Stepping into the Middle of a Configuration Management Project: Watch Where You Put Your Feet

So what is everyone doing in Configuration Management? I can only speak to what I’ve seen. Lots of clients think of the Configuration Management Data Base (CMDB) as the Holy Grail of IT Service Management. And no doubt, the vendors serving this space aren’t going to do anything to dissuade any potential customer from thinking that to be a true statement. But you just have to understand what the CMDB is conceptually, BEFORE you step off a cliff and into a life-long commitment to a vendor. If you are thrust into the middle of a project that’s already under way, take some time first to think about these issues:
• Understand the requirements. If you’re getting involved in a configuration project that’s already in progress, review the specification that went into the design of the CMDB. Along with the specifications, look into the source of the requirements. That's why I recommend using a traceability matrix which requires clear specifications documentation and stratification of each requirement, where they came from and how they will be addressed in the project plan. Things to look for include ownership, views considered, users and customers of and stakeholders in the process, integration challenges with existing tools, etc. I would also ask how they intend to keep the CMDB evergreen which begs the question: What is the source of truth for the data? You’ll need to know if this is going to be a data warehouse project or a functioning CMDB. What are the CTQs (Critical To Quality) that will tell you if the project is on track?
• On this last point consider a tools assessment to make certain that all required interfaces are considered. This is an ITIL-based assessment of the existing IT Service Management tool set(s). While this is done as a team exercise, vendors are not invited at this discussion - only internal tool experts/owners. Vendors, though, may be invited to a separate session following the initial tools assessment. The tools assessment will provide an objective review of existing tools and their ability or capacity to be integrated with the yet-to-be-developed CMDB.
• Particularly if you’re coming into the middle of a project, consider auditing the project immediately. This would provide immediate insight as to the health of the project and would quickly bring an outsider up to speed on how it's progressing and what its intended outcome is envisioned to be. An effective facilitator will also gain insight as to how the individual project team members really feel about the project.
• Find out what the longer-term vision for the CMDB is intended to be. What you want the team to focus on is a relationships-based service perspective. That entails defining a SERVICE which has the following characteristics:
1. All CIs versioned;
2. Components are reusable;
3. Service is built out of the reusable components;
4. The service components will change, thus the state changes;
5. You should be able to manage the service against the established configuration;
6. You need to be able to identify and record where problems occur in the service - i.e. which component of the service fails when the service is not available.
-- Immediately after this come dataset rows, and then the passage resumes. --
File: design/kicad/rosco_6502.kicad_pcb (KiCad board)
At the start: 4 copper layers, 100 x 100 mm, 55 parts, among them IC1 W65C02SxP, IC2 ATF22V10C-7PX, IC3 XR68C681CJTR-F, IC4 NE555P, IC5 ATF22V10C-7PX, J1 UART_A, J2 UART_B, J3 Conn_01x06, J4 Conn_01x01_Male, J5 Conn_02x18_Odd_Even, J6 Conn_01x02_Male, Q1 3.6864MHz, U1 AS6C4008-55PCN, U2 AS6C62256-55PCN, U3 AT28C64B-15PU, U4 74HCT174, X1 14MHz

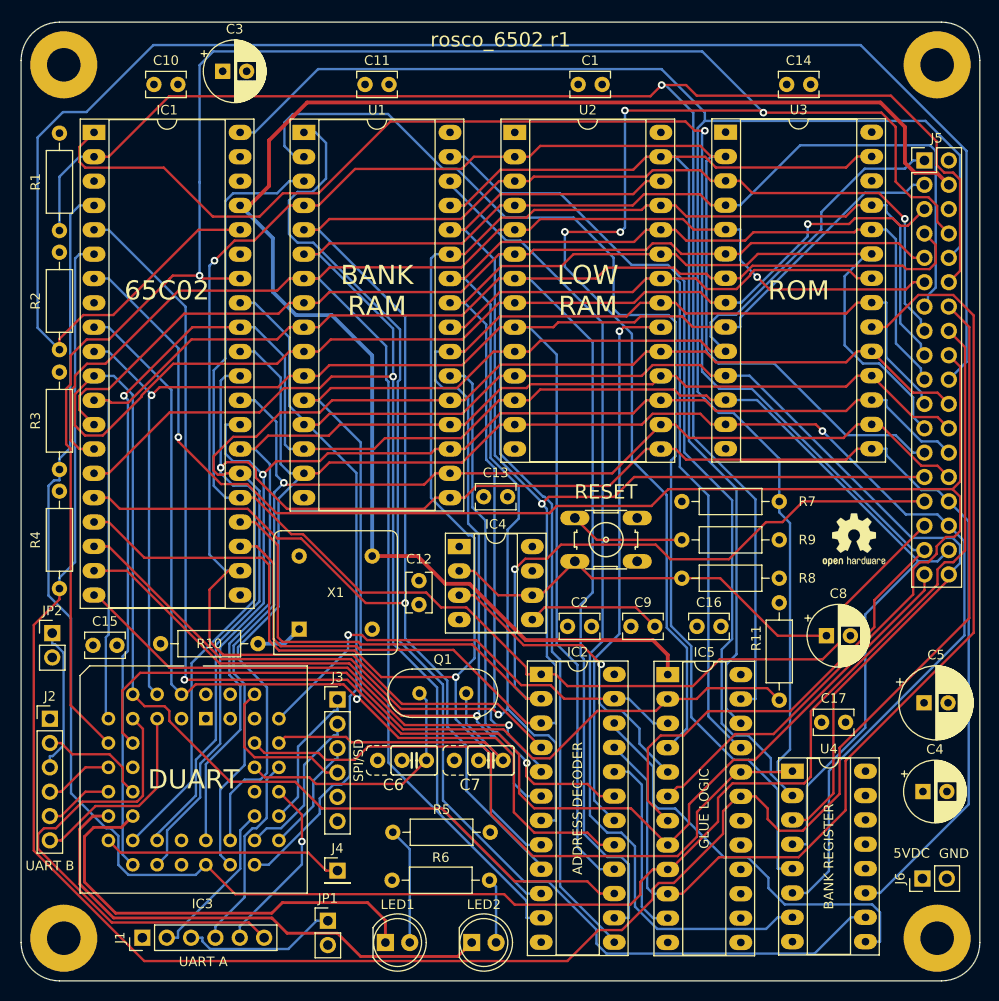
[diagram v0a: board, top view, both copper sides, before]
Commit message: Stretch timing for BANKSEL via glue
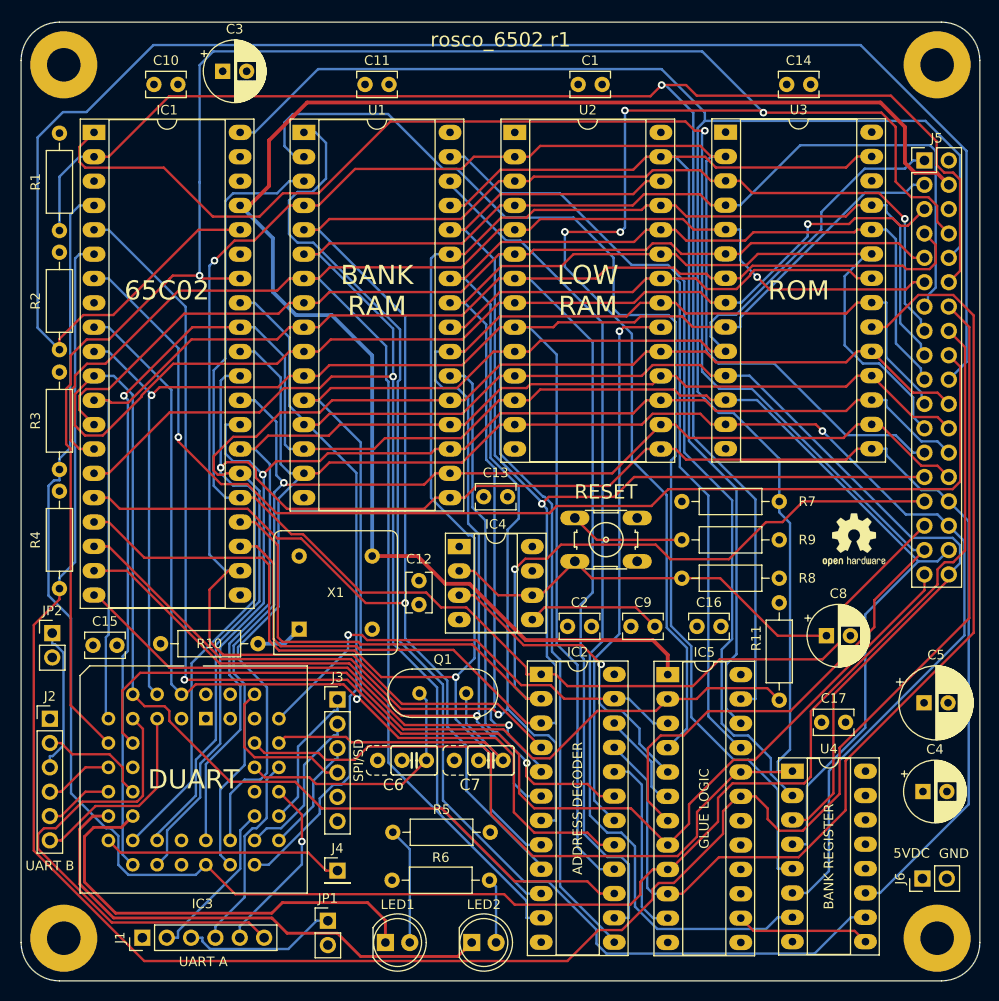
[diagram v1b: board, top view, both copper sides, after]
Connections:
- IC5 pad 14: unconnected-(IC5-Pad14) -> BANKCLK
- IC5 pad 6: SYNC -> BANKSEL
- U4 pad 9: BANKSEL -> BANKCLK
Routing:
- net SYNC: track 169.9 -> 121.2 mm
- net BANKSEL: track 43.2 -> 9.51 mm
- net BANKCLK: track 0.00 -> 14.0 mm
- net BANK1: track 122.4 -> 121.5 mm
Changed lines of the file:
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@@
   (net 74 "Net-(C9-Pad2)")
   (net 75 "unconnected-(IC5-Pad13)")
-  (net 76 "unconnected-(IC5-Pad14)")
+  (net 76 "BANKCLK")
   (net 77 "unconnected-(IC5-Pad15)")
   (net 78 "unconnected-(IC5-Pad16)")
@@
       (net 1 "GND") (pinfunction "GND") (pintype "power_in"))
     (pad "9" thru_hole oval locked (at 7.62 17.78) (size 2.4 1.6) (drill 0.8) (layers *.Cu *.Mask)
-      (net 47 "BANKSEL") (pinfunction "Cp") (pintype "input"))
+      (net 76 "BANKCLK") (pinfunction "Cp") (pintype "input"))
     (pad "10" thru_hole oval locked (at 7.62 15.24) (size 2.4 1.6) (drill 0.8) (layers *.Cu *.Mask)
       (net 90 "BANK3") (pinfunction "Q3") (pintype "output"))
@@
       (net 72 "HWRST") (pinfunction "I5") (pintype "input"))
     (pad "6" thru_hole oval locked (at 0 12.7) (size 2.4 1.6) (drill 0.8) (layers *.Cu *.Mask)
-      (net 17 "SYNC") (pinfunction "I6") (pintype "input"))
+      (net 47 "BANKSEL") (pinfunction "I6") (pintype "input"))
     (pad "7" thru_hole oval locked (at 0 15.24) (size 2.4 1.6) (drill 0.8) (layers *.Cu *.Mask)
       (net 6 "~{VP}") (pinfunction "I7") (pintype "input"))
@@
       (net 75 "unconnected-(IC5-Pad13)") (pinfunction "I13") (pintype "input+no_connect"))
     (pad "14" thru_hole oval locked (at 7.62 25.4) (size 2.4 1.6) (drill 0.8) (layers *.Cu *.Mask)
-      (net 76 "unconnected-(IC5-Pad14)") (pinfunction "IO1") (pintype "bidirectional+no_connect"))
+      (net 76 "BANKCLK") (pinfunction "IO1") (pintype "bidirectional"))
     (pad "15" thru_hole oval locked (at 7.62 22.86) (size 2.4 1.6) (drill 0.8) (layers *.Cu *.Mask)
       (net 77 "unconnected-(IC5-Pad15)") (pinfunction "IO2") (pintype "bidirectional+no_connect"))
@@
   (segment (start 169.37 124.6952) (end 169.37 129.5029) (width 0.25) (layer "F.Cu") (net 15))
   (segment (start 85.3216 135.41) (end 96.8424 146.9308) (width 0.25) (layer "F.Cu") (net 15))
-  (segment (start 158.765 129.755) (end 159.07 129.755) (width 0.25) (layer "F.Cu") (net 15))
   (segment (start 157.22 131.3) (end 158.765 129.755) (width 0.25) (layer "F.Cu") (net 15))
   (segment (start 88 109.2053) (end 85.3216 111.8837) (width 0.25) (layer "F.Cu") (net 15))
@@
   (segment (start 108.8598 97.898482) (end 107.021318 96.06) (width 0.25) (layer "B.Cu") (net 16))
   (segment (start 104.8574 97.1854) (end 107.5959 97.1854) (width 0.25) (layer "F.Cu") (net 17))
-  (segment (start 152.9753 128.775) (end 158.4899 123.2604) (width 0.25) (layer "F.Cu") (net 17))
   (segment (start 100.4065 92.7345) (end 104.8574 97.1854) (width 0.25) (layer "F.Cu") (net 17))
-  (segment (start 179.495 104.4598) (end 179.495 103.6707) (width 0.25) (layer "F.Cu") (net 17))
   (segment (start 107.5959 97.1854) (end 110.6256 100.2151) (width 0.25) (layer "F.Cu") (net 17))
   (segment (start 181.9663 84.9463) (end 180.765 83.745) (width 0.25) (layer "F.Cu") (net 17))
-  (segment (start 181.325 102.7003) (end 181.9553 102.07) (width 0.25) (layer "F.Cu") (net 17))
-  (segment (start 152.9753 128.775) (end 152.43 128.775) (width 0.25) (layer "F.Cu") (net 17))
   (segment (start 151.5041 97.7124) (end 181.1601 97.7124) (width 0.25) (layer "F.Cu") (net 17))
   (segment (start 110.6256 100.2151) (end 139.1046 100.2151) (width 0.25) (layer "F.Cu") (net 17))
-  (segment (start 179.495 103.6707) (end 180.4654 102.7003) (width 0.25) (layer "F.Cu") (net 17))
-  (segment (start 152.43 128.775) (end 151.45 129.755) (width 0.25) (layer "F.Cu") (net 17))
-  (segment (start 177.0497 106.0219) (end 177.7366 105.335) (width 0.25) (layer "F.Cu") (net 17))
-  (segment (start 181.9553 102.07) (end 181.9553 98.5076) (width 0.25) (layer "F.Cu") (net 17))
-  (segment (start 180.4654 102.7003) (end 181.325 102.7003) (width 0.25) (layer "F.Cu") (net 17))
-  (segment (start 177.0497 108.6863) (end 177.0497 106.0219) (width 0.25) (layer "F.Cu") (net 17))
-  (segment (start 158.4899 123.2604) (end 162.4756 123.2604) (width 0.25) (layer "F.Cu") (net 17))
   (segment (start 100.4065 92.2904) (end 100.4065 92.7345) (width 0.25) (layer "F.Cu") (net 17))
   (segment (start 139.8521 99.4676) (end 149.7489 99.4676) (width 0.25) (layer "F.Cu") (net 17))
@@
   (segment (start 139.1046 100.2151) (end 139.8521 99.4676) (width 0.25) (layer "F.Cu") (net 17))
   (segment (start 181.1601 97.7124) (end 181.9663 96.9062) (width 0.25) (layer "F.Cu") (net 17))
-  (segment (start 162.4756 123.2604) (end 177.0497 108.6863) (width 0.25) (layer "F.Cu") (net 17))
-  (segment (start 181.9553 98.5076) (end 181.1601 97.7124) (width 0.25) (layer "F.Cu") (net 17))
-  (segment (start 177.7366 105.335) (end 178.6198 105.335) (width 0.25) (layer "F.Cu") (net 17))
   (segment (start 181.9663 96.9062) (end 181.9663 84.9463) (width 0.25) (layer "F.Cu") (net 17))
-  (segment (start 178.6198 105.335) (end 179.495 104.4598) (width 0.25) (layer "F.Cu") (net 17))
   (via (at 100.4065 92.2904) (size 0.8) (drill 0.4) (layers "F.Cu" "B.Cu") (net 17))
   (segment (start 100.4065 83.0129) (end 100.4065 92.2904) (width 0.25) (layer "B.Cu") (net 17))
@@
   (segment (start 115.7643 125.9397) (end 118.8074 125.9397) (width 0.25) (layer "F.Cu") (net 42))
   (segment (start 154.5024 131.3777) (end 158.6651 127.215) (width 0.25) (layer "F.Cu") (net 42))
-  (segment (start 164.365 127.215) (end 164.45 127.13) (width 0.25) (layer "F.Cu") (net 42))
   (segment (start 159.07 127.215) (end 164.365 127.215) (width 0.25) (layer "F.Cu") (net 42))
   (segment (start 109.3865 125.2265) (end 115.0511 125.2265) (width 0.25) (layer "F.Cu") (net 42))
@@
   (segment (start 149.3062 128.0862) (end 145.87 124.65) (width 0.25) (layer "B.Cu") (net 46))
   (segment (start 149.3062 139.2965) (end 149.3062 128.0862) (width 0.25) (layer "B.Cu") (net 46))
-  (segment (start 149.9247 130.510971) (end 150.438729 131.025) (width 0.25) (layer "B.Cu") (net 47))
-  (segment (start 173.5953 144.91) (end 172.07 144.91) (width 0.25) (layer "B.Cu") (net 47))
-  (segment (start 152.2312 131.025) (end 157.3112 136.105) (width 0.25) (layer "B.Cu") (net 47))
-  (segment (start 173.5953 141.8517) (end 173.5953 144.91) (width 0.25) (layer "B.Cu") (net 47))
-  (segment (start 159.8023 136.105) (end 161.9471 138.2498) (width 0.25) (layer "B.Cu") (net 47))
-  (segment (start 145.87 122.5847) (end 149.9247 126.6394) (width 0.25) (layer "B.Cu") (net 47))
-  (segment (start 149.9247 126.6394) (end 149.9247 130.510971) (width 0.25) (layer "B.Cu") (net 47))
-  (segment (start 157.3112 136.105) (end 159.8023 136.105) (width 0.25) (layer "B.Cu") (net 47))
-  (segment (start 161.9471 139.3187) (end 163.6545 141.0261) (width 0.25) (layer "B.Cu") (net 47))
-  (segment (start 161.9471 138.2498) (end 161.9471 139.3187) (width 0.25) (layer "B.Cu") (net 47))
-  (segment (start 163.6545 141.0261) (end 172.7697 141.0261) (width 0.25) (layer "B.Cu") (net 47))
-  (segment (start 150.438729 131.025) (end 152.2312 131.025) (width 0.25) (layer "B.Cu") (net 47))
-  (segment (start 172.7697 141.0261) (end 173.5953 141.8517) (width 0.25) (layer "B.Cu") (net 47))
+  (segment (start 149.75572 128.74) (end 150.77072 129.755) (width 0.25) (layer "B.Cu") (net 47))
+  (segment (start 145.87 122.270717) (end 149.75572 126.156438) (width 0.25) (layer "B.Cu") (net 47))
+  (segment (start 149.75572 126.156438) (end 149.75572 128.74) (width 0.25) (layer "B.Cu") (net 47))
   (segment (start 139.2262 118.1554) (end 136.1765 118.1554) (width 0.25) (layer "F.Cu") (net 48))
   (segment (start 136.1765 118.1554) (end 131.4737 113.4526) (width 0.25) (layer "F.Cu") (net 48))
@@
   (segment (start 148.12 110.04) (end 150.11 112.03) (width 0.25) (layer "F.Cu") (net 74))
   (segment (start 138.6 110.04) (end 148.12 110.04) (width 0.25) (layer "F.Cu") (net 74))
+  (segment (start 170.94548 143.78548) (end 172.07 144.91) (width 0.25) (layer "F.Cu") (net 76))
+  (segment (start 159.07 142.455) (end 160.40048 143.78548) (width 0.25) (layer "F.Cu") (net 76))
+  (segment (start 160.40048 143.78548) (end 170.94548 143.78548) (width 0.25) (layer "F.Cu") (net 76))
   (segment (start 155.3461 63.04) (end 150.7317 63.04) (width 0.25) (layer "F.Cu") (net 81))
   (segment (start 170.0549 64.1581) (end 156.4642 64.1581) (width 0.25) (layer "F.Cu") (net 81))
@@
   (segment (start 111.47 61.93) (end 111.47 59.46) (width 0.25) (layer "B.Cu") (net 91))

It's this service concept that has, to some degree, given traction to the SOA. I'm not recommending a fully architected SOA but the service concept is realized as a modularized set of components which is really a robust configuration management process supported by a CMDB.
• The configuration process is tricky but should be addressed as well. If you’re going to build a CMDB, it only makes sense that you’ll need a process to support it. But it's tricky because what is hidden in the ITIL materials is really two parallel but distinctly different processes. One is the configuration process itself which is "owned" by a process owner and regularly measured and audited. The other process is the actual implementation of configuration management.
• Configuration is critical for most organizations today, particularly, government, financial and medical companies because of security and SOX compliance issues. Find out if any of the compliance folks were involved in the configuration requirements. If you accept the premise that standardization is the domain of configuration and that standardization is the only way to ensure compliance, then configuration is essential for compliance. You'll want to make sure that the configuration process is capable and will withstand an audit.